Chemical bonding in phosphonitrilic systems-comparison of the electronic structures of (F2PN)3, (F2PN)4, and OP(F2)NP(F2)NPF3

Abstract

The electronic structure of phosphonitrilic systems contain both π′ (in-plane) and π (out-of-plane) bonding systems. Earlier work in this laboratory has indicated that the d-orbital involvement in these systems affects primarily the electronic structure, and is modulated by ligand electronegativity. Ab initio molecular orbital calculations were performed on a series of small phosphazene molecules [(F2PN)3, (F2PN)4, and OP(F2)NP(F2)NPF3] to elucidate the electronic and molecular structure of these molecules as models for polymeric systems.
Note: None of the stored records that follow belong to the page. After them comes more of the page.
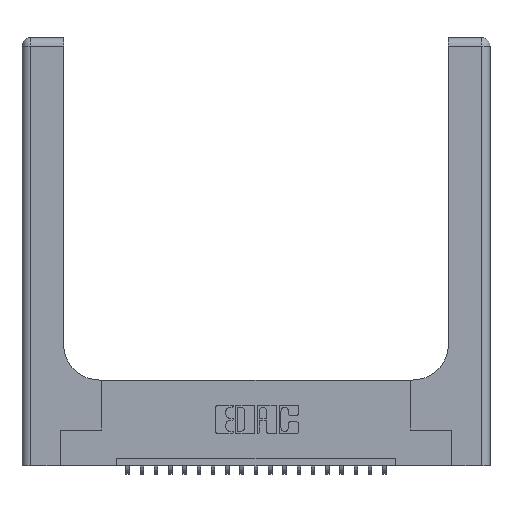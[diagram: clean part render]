
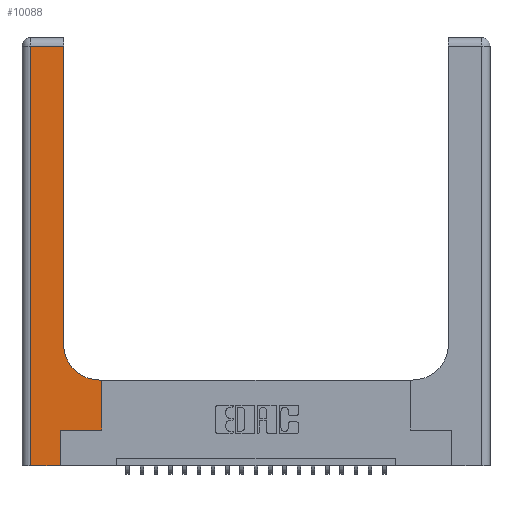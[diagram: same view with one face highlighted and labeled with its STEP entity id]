
A CAD part, top view. The second image highlights one B-rep face of the part: STEP entity #10088.
In plain terms, the highlighted planar face has unit normal (0, 0, 1).
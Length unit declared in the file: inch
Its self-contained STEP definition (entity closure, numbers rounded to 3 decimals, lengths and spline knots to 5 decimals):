
#19 = VERTEX_POINT ( 'NONE', #11382 ) ;
#181 = EDGE_CURVE ( 'NONE', #4219, #19592, #8892, .T. ) ;
#1063 = VECTOR ( 'NONE', #11725, 39.37008 ) ;
#1346 = AXIS2_PLACEMENT_3D ( 'NONE', #17645, #22537, #1963 ) ;
#1963 = DIRECTION ( 'NONE',  ( -1., 0., 0. ) ) ;
#2271 = EDGE_CURVE ( 'NONE', #20823, #15361, #9254, .T. ) ;
#2630 = VECTOR ( 'NONE', #18847, 39.37008 ) ;
#3310 = CARTESIAN_POINT ( 'NONE',  ( 0.5415, 0.6, 0.37 ) ) ;
#3639 = CARTESIAN_POINT ( 'NONE',  ( 0.2915, 3., 0.37 ) ) ;
#3930 = VECTOR ( 'NONE', #7736, 39.37008 ) ;
#4219 = VERTEX_POINT ( 'NONE', #16697 ) ;
#4267 = VECTOR ( 'NONE', #22687, 39.37008 ) ;
#4759 = DIRECTION ( 'NONE',  ( -1., 0., 0. ) ) ;
#4880 = DIRECTION ( 'NONE',  ( 1., 0., 0. ) ) ;
#4916 = CARTESIAN_POINT ( 'NONE',  ( 0.2915, 2.94, 0.37 ) ) ;
#5544 = ORIENTED_EDGE ( 'NONE', *, *, #7858, .T. ) ;
#5725 = CARTESIAN_POINT ( 'NONE',  ( 0.5585, 0.25, 0.37 ) ) ;
#5976 = CARTESIAN_POINT ( 'NONE',  ( 0.06, 3., 0.37 ) ) ;
#6240 = VECTOR ( 'NONE', #4880, 39.37008 ) ;
#6489 = VERTEX_POINT ( 'NONE', #20133 ) ;
#7016 = EDGE_CURVE ( 'NONE', #19592, #19064, #21581, .T. ) ;
#7123 = DIRECTION ( 'NONE',  ( 0., 1., 0. ) ) ;
#7393 = LINE ( 'NONE', #22122, #1063 ) ;
#7413 = CARTESIAN_POINT ( 'NONE',  ( 0., 0., 0.37 ) ) ;
#7736 = DIRECTION ( 'NONE',  ( 0., -1., 0. ) ) ;
#7858 = EDGE_CURVE ( 'NONE', #19064, #13968, #20438, .T. ) ;
#7899 = CARTESIAN_POINT ( 'NONE',  ( 0.2915, 0.85, 0.37 ) ) ;
#7973 = PLANE ( 'NONE',  #1346 ) ;
#8206 = ORIENTED_EDGE ( 'NONE', *, *, #13939, .T. ) ;
#8346 = VECTOR ( 'NONE', #21539, 39.37008 ) ;
#8892 = LINE ( 'NONE', #7413, #8346 ) ;
#9254 = LINE ( 'NONE', #3639, #4267 ) ;
#9327 = EDGE_CURVE ( 'NONE', #13968, #19, #7393, .T. ) ;
#9433 = CARTESIAN_POINT ( 'NONE',  ( 0.269, 0., 0.37 ) ) ;
#10088 = ADVANCED_FACE ( 'NONE', ( #15053 ), #7973, .F. ) ;
#10117 = CARTESIAN_POINT ( 'NONE',  ( 0.5415, 0.85, 0.37 ) ) ;
#10739 = ORIENTED_EDGE ( 'NONE', *, *, #12746, .T. ) ;
#11276 = EDGE_CURVE ( 'NONE', #19, #14663, #21236, .T. ) ;
#11382 = CARTESIAN_POINT ( 'NONE',  ( 0.5585, 0.6, 0.37 ) ) ;
#11653 = CARTESIAN_POINT ( 'NONE',  ( 0., 2.94, 0.37 ) ) ;
#11725 = DIRECTION ( 'NONE',  ( 0., 1., 0. ) ) ;
#11786 = ORIENTED_EDGE ( 'NONE', *, *, #11276, .T. ) ;
#11938 = ORIENTED_EDGE ( 'NONE', *, *, #9327, .T. ) ;
#12317 = CARTESIAN_POINT ( 'NONE',  ( 0.269, 0., 0.37 ) ) ;
#12672 = ORIENTED_EDGE ( 'NONE', *, *, #181, .T. ) ;
#12746 = EDGE_CURVE ( 'NONE', #14663, #20823, #14683, .T. ) ;
#13190 = AXIS2_PLACEMENT_3D ( 'NONE', #10117, #13543, #22364 ) ;
#13543 = DIRECTION ( 'NONE',  ( 0., 0., -1. ) ) ;
#13545 = CARTESIAN_POINT ( 'NONE',  ( 0.269, 0.25, 0.37 ) ) ;
#13802 = EDGE_LOOP ( 'NONE', ( #18827, #18289, #8206, #12672, #18213, #5544, #11938, #11786, #10739 ) ) ;
#13939 = EDGE_CURVE ( 'NONE', #6489, #4219, #17855, .T. ) ;
#13968 = VERTEX_POINT ( 'NONE', #5725 ) ;
#14210 = LINE ( 'NONE', #11653, #18015 ) ;
#14663 = VERTEX_POINT ( 'NONE', #3310 ) ;
#14683 = CIRCLE ( 'NONE', #13190, 0.25 ) ;
#15053 = FACE_OUTER_BOUND ( 'NONE', #13802, .T. ) ;
#15361 = VERTEX_POINT ( 'NONE', #4916 ) ;
#16697 = CARTESIAN_POINT ( 'NONE',  ( 0.06, 0., 0.37 ) ) ;
#17645 = CARTESIAN_POINT ( 'NONE',  ( 0., 3., 0.37 ) ) ;
#17855 = LINE ( 'NONE', #5976, #3930 ) ;
#18015 = VECTOR ( 'NONE', #4759, 39.37008 ) ;
#18213 = ORIENTED_EDGE ( 'NONE', *, *, #7016, .T. ) ;
#18289 = ORIENTED_EDGE ( 'NONE', *, *, #19534, .T. ) ;
#18827 = ORIENTED_EDGE ( 'NONE', *, *, #2271, .T. ) ;
#18847 = DIRECTION ( 'NONE',  ( -1., 0., 0. ) ) ;
#19064 = VERTEX_POINT ( 'NONE', #13545 ) ;
#19534 = EDGE_CURVE ( 'NONE', #15361, #6489, #14210, .T. ) ;
#19592 = VERTEX_POINT ( 'NONE', #9433 ) ;
#20133 = CARTESIAN_POINT ( 'NONE',  ( 0.06, 2.94, 0.37 ) ) ;
#20438 = LINE ( 'NONE', #20696, #6240 ) ;
#20696 = CARTESIAN_POINT ( 'NONE',  ( 0.269, 0.25, 0.37 ) ) ;
#20823 = VERTEX_POINT ( 'NONE', #7899 ) ;
#21029 = VECTOR ( 'NONE', #7123, 39.37008 ) ;
#21236 = LINE ( 'NONE', #22369, #2630 ) ;
#21539 = DIRECTION ( 'NONE',  ( 1., 0., 0. ) ) ;
#21581 = LINE ( 'NONE', #12317, #21029 ) ;
#22122 = CARTESIAN_POINT ( 'NONE',  ( 0.5585, 0.25, 0.37 ) ) ;
#22364 = DIRECTION ( 'NONE',  ( 1., 0., 0. ) ) ;
#22369 = CARTESIAN_POINT ( 'NONE',  ( 0.2915, 0.6, 0.37 ) ) ;
#22537 = DIRECTION ( 'NONE',  ( 0., 0., -1. ) ) ;
#22687 = DIRECTION ( 'NONE',  ( 0., 1., 0. ) ) ;

The chemical bonding and charge distribution in the phosphonitrilic trimers, tetramers, and these small fragments is highly polarized, primarily through the π and π′ bonding networks. Our results indicate that while the majority of the electronic aspects of OP(F2)NP(F2)NPF3 can be described by analogies to (F2PN)3 and (F2PN)4, major geometric differences such as bond alternation are evident. The opening of the P—N—P bond angles in the linear fragment results in reduced overlap over multiple centers, promoting “islands of delocalization” first proposed by Dewar et al. [1].